PROBLEM TO SOLVE -
Word for word, transcribe the data below from the line with "#30=VERTEX_POINT('',#29);" to the line with "#38=AXIS2_PLACEMENT_3D('',#35,#36,#37);", keeping both of those lines.

DATA FOR REVIEW -
[Start of Attachment]

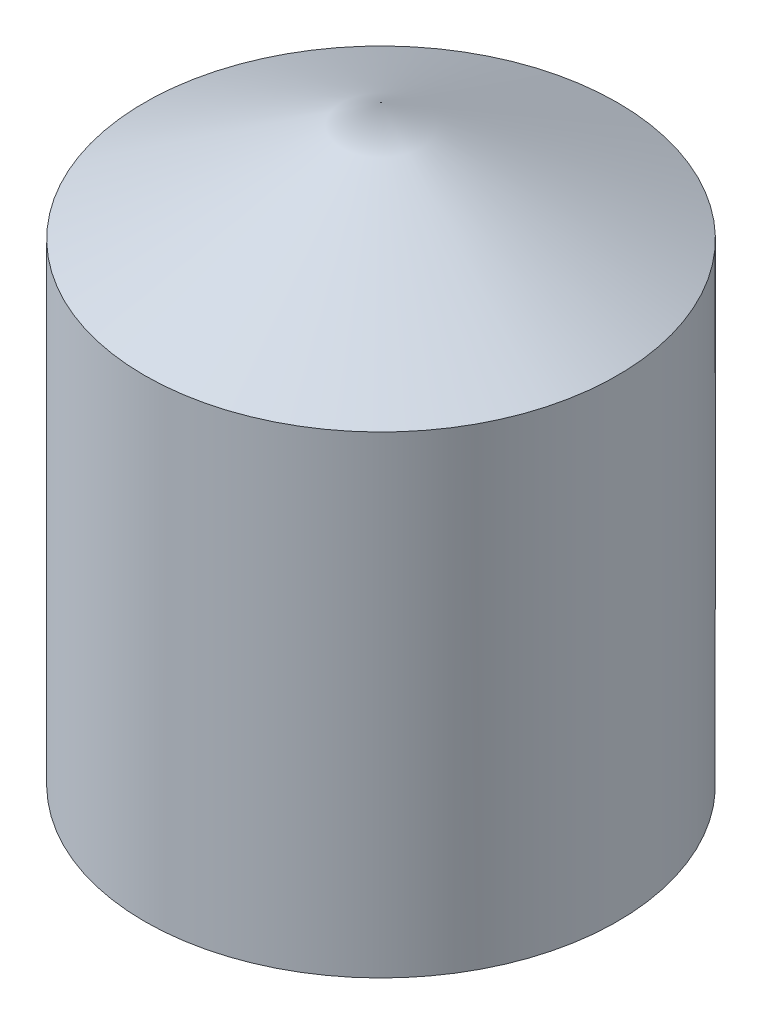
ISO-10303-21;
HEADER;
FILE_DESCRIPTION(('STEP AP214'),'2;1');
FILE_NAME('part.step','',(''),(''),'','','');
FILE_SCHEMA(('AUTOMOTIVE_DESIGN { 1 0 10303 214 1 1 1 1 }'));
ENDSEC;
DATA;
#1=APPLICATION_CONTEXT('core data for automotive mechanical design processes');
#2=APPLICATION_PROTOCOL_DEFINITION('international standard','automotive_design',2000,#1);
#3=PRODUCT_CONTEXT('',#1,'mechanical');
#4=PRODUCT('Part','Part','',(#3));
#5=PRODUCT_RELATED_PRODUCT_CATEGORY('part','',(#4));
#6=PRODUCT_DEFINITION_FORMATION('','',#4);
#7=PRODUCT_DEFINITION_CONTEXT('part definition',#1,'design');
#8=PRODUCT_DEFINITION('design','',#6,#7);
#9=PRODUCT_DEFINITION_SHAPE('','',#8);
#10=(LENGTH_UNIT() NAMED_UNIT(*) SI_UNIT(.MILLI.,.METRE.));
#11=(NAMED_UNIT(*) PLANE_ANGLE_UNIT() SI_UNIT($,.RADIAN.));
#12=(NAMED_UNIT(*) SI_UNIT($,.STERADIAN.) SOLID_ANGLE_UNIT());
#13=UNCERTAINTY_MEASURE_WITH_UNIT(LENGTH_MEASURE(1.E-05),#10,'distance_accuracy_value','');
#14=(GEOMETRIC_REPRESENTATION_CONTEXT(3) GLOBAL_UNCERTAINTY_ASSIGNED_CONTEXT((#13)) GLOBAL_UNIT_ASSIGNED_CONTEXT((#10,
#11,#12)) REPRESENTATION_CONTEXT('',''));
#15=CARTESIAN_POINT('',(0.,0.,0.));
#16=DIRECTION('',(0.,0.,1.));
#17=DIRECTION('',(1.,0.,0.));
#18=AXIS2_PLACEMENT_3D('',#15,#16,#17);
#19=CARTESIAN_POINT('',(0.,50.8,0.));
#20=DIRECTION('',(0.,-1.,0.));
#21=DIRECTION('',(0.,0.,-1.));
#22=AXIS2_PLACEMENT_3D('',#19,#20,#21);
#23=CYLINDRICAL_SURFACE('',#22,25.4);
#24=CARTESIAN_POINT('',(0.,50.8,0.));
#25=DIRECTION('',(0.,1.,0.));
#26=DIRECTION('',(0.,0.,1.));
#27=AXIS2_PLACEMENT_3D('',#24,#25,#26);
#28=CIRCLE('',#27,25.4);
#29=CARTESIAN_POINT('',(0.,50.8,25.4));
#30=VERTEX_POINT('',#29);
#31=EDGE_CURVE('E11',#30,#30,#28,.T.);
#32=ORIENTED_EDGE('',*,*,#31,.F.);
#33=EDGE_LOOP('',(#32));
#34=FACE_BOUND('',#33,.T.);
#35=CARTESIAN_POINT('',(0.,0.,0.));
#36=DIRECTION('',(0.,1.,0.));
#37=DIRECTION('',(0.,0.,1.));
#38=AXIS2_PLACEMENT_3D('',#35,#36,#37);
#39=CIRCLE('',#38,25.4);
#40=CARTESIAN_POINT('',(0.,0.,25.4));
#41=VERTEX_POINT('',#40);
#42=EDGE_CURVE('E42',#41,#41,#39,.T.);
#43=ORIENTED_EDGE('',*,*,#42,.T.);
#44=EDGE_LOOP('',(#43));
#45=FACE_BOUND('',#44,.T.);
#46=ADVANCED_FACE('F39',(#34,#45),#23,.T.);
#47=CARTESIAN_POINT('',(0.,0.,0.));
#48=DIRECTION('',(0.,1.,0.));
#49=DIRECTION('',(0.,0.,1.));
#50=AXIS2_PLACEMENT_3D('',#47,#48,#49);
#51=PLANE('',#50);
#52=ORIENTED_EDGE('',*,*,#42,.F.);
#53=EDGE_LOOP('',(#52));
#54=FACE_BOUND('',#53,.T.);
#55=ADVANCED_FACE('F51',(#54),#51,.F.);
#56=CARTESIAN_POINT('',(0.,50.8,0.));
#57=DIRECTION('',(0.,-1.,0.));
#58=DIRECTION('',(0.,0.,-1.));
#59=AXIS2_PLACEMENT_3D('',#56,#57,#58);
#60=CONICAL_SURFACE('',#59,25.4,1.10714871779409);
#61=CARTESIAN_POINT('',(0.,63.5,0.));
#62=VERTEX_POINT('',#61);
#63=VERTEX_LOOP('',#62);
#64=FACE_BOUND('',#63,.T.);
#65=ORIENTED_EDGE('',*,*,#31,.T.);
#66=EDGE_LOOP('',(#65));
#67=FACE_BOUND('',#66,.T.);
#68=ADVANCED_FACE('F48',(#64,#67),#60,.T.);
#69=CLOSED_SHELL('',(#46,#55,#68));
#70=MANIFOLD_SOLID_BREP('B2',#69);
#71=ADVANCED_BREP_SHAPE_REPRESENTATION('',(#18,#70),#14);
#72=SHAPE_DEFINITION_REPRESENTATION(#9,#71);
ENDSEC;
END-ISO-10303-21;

[End of Attachment]

RESPONSE FOR THIS EXERCISE -
#30=VERTEX_POINT('',#29);
#31=EDGE_CURVE('E11',#30,#30,#28,.T.);
#32=ORIENTED_EDGE('',*,*,#31,.F.);
#33=EDGE_LOOP('',(#32));
#34=FACE_BOUND('',#33,.T.);
#35=CARTESIAN_POINT('',(0.,0.,0.));
#36=DIRECTION('',(0.,1.,0.));
#37=DIRECTION('',(0.,0.,1.));
#38=AXIS2_PLACEMENT_3D('',#35,#36,#37);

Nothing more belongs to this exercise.